*Assignment*.
For the records below, print the lines from the line with "blk.add_mtext('3.03', dxfattribs=at)" through the line with "h.set_pattern_definition(pattern_1)" exactly as written; include both end lines and exclude the rest.

[Opening Input for this task section]

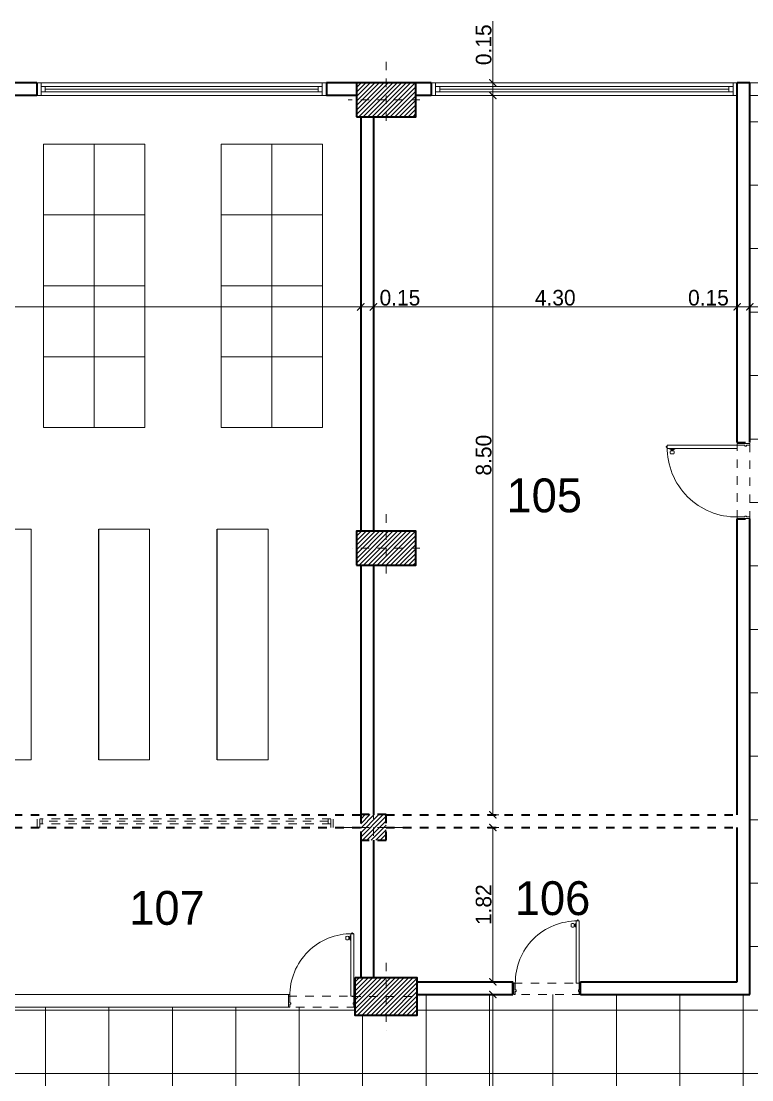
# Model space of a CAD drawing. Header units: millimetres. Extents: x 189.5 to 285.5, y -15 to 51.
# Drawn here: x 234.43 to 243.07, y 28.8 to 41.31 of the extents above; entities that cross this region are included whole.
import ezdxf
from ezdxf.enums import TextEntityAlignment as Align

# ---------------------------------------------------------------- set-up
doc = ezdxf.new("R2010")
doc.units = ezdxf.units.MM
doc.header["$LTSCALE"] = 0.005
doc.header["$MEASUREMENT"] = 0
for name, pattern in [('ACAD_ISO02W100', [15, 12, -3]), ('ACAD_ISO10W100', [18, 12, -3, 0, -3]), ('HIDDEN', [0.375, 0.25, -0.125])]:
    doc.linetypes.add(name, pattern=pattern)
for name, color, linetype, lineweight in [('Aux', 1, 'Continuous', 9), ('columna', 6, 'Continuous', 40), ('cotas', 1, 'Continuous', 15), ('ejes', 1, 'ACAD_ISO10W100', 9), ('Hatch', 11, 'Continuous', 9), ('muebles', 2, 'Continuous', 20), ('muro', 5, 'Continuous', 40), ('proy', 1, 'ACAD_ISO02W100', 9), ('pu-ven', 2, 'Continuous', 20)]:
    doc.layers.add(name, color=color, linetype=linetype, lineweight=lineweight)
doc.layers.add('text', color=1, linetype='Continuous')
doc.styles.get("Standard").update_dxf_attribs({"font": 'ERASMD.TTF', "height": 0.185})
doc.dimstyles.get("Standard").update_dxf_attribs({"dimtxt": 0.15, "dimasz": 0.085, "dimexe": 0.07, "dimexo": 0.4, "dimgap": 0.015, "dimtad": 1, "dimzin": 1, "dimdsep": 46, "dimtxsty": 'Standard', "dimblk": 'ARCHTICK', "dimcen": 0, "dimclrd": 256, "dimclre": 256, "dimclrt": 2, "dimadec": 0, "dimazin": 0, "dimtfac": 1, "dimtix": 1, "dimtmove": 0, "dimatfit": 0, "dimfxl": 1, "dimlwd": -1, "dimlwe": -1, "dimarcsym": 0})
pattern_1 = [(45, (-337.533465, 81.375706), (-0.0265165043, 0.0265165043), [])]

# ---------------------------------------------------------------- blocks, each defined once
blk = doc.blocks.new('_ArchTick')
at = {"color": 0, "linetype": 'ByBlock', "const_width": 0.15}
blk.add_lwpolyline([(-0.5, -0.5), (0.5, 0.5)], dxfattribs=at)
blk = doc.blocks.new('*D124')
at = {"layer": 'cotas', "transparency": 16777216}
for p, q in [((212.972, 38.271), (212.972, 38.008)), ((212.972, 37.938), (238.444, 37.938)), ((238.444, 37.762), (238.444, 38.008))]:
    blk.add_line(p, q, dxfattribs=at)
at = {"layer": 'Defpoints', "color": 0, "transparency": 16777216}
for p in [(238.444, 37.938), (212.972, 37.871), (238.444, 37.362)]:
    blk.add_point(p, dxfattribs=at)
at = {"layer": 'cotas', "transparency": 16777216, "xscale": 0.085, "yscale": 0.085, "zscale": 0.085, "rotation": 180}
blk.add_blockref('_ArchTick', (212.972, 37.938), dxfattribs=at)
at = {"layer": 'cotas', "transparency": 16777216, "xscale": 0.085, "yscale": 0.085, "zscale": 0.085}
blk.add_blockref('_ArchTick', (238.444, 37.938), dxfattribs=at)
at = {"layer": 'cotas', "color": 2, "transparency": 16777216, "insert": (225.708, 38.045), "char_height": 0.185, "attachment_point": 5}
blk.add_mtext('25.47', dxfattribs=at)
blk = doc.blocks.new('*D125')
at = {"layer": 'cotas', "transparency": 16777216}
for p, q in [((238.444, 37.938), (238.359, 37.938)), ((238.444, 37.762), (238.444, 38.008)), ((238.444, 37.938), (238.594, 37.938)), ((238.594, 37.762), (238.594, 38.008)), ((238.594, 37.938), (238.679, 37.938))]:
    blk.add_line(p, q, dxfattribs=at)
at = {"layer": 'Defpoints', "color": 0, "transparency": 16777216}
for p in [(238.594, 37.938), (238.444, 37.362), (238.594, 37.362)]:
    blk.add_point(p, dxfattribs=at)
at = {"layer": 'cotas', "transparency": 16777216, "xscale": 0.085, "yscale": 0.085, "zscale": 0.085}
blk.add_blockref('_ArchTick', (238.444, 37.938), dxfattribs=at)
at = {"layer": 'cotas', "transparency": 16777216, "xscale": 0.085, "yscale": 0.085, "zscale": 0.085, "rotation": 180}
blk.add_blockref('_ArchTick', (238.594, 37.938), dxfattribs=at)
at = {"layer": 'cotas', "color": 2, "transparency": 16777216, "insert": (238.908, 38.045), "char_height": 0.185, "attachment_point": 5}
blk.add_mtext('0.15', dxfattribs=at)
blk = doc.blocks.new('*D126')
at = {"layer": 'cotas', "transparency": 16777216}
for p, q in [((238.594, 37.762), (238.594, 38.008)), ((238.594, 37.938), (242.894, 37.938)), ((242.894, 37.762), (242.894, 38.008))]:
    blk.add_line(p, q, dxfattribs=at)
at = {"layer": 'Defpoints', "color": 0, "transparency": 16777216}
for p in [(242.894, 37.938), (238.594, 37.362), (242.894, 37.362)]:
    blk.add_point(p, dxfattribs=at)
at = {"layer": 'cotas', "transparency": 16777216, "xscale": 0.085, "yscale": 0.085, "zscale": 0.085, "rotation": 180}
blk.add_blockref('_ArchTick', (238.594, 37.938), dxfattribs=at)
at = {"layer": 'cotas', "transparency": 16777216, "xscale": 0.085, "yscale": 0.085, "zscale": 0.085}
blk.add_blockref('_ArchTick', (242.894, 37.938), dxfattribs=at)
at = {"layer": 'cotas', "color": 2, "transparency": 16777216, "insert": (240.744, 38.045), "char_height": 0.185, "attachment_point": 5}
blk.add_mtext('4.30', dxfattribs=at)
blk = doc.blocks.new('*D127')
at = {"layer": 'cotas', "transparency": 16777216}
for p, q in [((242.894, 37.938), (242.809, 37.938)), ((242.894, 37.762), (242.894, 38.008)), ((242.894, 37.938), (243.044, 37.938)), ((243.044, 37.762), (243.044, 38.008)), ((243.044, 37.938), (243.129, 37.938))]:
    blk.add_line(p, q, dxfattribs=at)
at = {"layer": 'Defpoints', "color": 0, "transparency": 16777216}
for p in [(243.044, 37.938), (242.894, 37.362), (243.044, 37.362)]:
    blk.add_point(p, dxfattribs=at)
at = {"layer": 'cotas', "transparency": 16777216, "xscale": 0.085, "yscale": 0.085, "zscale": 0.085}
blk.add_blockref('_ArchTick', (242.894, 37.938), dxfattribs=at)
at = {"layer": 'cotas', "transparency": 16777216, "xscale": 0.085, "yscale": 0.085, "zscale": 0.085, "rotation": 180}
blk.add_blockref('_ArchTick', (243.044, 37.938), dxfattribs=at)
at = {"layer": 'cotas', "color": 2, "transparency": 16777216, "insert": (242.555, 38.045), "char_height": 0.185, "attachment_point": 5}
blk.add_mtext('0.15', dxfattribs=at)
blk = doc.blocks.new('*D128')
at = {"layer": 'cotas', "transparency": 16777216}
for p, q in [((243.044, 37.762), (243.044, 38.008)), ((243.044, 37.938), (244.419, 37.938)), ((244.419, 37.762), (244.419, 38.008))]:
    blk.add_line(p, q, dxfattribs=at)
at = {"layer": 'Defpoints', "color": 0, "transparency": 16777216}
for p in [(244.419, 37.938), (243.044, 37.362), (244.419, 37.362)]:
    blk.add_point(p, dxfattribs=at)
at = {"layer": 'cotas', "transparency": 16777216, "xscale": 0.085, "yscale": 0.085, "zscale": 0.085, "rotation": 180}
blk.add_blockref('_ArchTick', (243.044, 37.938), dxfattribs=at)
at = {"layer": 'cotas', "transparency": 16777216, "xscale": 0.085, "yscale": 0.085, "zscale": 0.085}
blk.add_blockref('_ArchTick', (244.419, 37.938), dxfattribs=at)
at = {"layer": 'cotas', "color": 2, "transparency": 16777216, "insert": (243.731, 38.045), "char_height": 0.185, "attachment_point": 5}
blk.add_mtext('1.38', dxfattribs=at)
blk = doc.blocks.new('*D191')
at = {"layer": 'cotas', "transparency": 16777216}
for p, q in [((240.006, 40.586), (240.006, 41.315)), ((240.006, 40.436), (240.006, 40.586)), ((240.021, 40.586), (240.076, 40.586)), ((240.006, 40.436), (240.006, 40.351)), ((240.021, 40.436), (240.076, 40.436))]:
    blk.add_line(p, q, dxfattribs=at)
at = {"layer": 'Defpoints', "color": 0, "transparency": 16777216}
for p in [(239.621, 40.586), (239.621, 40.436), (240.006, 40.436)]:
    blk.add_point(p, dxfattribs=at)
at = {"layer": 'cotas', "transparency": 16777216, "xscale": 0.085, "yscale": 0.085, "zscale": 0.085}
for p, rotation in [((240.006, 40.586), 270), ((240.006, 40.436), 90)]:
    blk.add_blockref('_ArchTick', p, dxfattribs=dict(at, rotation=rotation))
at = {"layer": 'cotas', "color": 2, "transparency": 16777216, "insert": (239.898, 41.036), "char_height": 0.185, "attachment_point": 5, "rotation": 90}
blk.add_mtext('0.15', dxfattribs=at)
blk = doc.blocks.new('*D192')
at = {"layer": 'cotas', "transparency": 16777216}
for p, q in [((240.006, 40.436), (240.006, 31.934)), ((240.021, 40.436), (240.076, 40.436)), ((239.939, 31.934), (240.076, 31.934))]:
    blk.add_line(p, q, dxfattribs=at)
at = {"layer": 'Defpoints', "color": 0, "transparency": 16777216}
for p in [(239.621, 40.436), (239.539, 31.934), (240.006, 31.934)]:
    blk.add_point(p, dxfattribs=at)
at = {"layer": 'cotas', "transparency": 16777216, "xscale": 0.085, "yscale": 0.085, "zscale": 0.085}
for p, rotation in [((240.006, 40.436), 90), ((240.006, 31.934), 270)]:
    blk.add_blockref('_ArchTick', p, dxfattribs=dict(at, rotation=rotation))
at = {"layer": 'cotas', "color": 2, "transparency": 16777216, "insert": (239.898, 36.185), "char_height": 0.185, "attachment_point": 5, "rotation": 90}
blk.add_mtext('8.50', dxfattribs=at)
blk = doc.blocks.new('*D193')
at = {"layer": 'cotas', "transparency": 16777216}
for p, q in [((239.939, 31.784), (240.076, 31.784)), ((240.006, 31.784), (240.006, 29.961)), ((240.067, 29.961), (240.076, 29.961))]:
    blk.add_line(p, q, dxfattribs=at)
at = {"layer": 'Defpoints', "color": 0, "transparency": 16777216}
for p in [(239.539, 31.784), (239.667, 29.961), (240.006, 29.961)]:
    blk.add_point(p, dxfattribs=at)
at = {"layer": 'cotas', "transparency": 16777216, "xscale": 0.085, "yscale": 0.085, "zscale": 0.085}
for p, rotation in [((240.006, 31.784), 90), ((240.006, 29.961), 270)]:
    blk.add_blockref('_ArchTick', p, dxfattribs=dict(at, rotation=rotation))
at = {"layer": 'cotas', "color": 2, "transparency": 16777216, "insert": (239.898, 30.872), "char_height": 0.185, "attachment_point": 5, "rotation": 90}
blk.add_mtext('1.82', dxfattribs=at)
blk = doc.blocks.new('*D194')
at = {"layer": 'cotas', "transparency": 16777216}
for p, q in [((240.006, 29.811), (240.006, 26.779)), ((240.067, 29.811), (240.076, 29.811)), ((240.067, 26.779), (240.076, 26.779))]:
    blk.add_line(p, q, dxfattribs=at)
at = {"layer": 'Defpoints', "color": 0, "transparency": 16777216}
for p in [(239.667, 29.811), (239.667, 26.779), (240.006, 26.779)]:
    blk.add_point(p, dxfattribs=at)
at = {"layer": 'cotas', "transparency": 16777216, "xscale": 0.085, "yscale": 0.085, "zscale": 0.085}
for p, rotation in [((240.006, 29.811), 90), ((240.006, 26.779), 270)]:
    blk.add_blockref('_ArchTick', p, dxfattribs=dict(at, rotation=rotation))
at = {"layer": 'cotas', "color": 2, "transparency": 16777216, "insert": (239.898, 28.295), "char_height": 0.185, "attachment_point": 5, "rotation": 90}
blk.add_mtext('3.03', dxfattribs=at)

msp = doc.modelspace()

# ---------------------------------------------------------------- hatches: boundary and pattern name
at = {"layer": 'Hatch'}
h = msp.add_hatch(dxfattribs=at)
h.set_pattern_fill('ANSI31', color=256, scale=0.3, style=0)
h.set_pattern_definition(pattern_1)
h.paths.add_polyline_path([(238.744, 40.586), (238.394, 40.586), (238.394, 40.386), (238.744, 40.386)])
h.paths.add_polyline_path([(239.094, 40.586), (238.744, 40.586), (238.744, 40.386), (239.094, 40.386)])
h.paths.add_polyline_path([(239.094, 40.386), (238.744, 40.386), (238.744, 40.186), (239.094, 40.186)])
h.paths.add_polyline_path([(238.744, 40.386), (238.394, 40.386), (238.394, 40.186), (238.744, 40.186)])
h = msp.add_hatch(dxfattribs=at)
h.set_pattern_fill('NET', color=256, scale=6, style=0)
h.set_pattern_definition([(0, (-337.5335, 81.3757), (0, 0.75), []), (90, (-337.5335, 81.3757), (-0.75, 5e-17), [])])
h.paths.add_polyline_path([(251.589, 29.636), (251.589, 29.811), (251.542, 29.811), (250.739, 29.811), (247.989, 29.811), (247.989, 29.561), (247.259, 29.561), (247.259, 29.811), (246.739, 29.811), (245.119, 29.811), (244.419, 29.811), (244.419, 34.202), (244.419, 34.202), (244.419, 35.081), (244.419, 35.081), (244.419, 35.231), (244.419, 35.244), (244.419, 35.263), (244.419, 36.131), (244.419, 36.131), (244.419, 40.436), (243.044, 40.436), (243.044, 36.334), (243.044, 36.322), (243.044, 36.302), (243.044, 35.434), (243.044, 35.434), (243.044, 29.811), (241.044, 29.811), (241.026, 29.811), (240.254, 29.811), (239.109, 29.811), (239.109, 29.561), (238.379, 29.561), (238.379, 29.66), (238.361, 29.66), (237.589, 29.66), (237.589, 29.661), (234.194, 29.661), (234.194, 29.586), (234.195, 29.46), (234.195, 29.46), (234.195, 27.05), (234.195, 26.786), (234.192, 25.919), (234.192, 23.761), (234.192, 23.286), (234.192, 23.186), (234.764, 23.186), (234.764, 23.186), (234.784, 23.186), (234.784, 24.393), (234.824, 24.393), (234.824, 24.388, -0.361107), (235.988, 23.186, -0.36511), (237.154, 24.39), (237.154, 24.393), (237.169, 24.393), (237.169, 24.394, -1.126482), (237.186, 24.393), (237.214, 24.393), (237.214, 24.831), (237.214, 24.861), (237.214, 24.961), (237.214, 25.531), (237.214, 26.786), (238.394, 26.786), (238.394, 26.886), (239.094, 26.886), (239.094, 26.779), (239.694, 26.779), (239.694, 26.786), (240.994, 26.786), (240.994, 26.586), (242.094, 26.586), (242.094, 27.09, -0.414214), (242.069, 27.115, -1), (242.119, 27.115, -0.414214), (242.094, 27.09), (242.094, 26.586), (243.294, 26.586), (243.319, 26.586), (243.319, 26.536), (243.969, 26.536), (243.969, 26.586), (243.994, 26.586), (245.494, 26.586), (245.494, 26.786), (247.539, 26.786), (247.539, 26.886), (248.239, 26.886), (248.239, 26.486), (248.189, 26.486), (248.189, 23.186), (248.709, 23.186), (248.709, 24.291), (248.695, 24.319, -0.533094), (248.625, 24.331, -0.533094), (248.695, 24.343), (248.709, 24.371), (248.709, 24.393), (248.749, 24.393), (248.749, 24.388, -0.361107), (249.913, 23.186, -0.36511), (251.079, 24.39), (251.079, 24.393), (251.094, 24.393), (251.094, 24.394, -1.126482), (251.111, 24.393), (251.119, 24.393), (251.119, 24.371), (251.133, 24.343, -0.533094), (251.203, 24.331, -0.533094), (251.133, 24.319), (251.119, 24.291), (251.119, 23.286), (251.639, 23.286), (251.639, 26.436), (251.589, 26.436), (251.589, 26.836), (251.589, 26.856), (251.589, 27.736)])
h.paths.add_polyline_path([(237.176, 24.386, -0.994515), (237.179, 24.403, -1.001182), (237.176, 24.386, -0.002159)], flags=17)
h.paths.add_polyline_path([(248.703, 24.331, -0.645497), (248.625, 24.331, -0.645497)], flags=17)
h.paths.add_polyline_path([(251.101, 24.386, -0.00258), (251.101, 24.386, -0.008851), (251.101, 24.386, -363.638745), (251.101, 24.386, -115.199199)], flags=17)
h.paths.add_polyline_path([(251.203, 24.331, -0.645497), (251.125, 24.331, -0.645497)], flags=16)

[Closing Input for this task section]

*Task solution*.
blk.add_mtext('3.03', dxfattribs=at)

msp = doc.modelspace()

# ---------------------------------------------------------------- hatches: boundary and pattern name
at = {"layer": 'Hatch'}
h = msp.add_hatch(dxfattribs=at)
h.set_pattern_fill('ANSI31', color=256, scale=0.3, style=0)
h.set_pattern_definition(pattern_1)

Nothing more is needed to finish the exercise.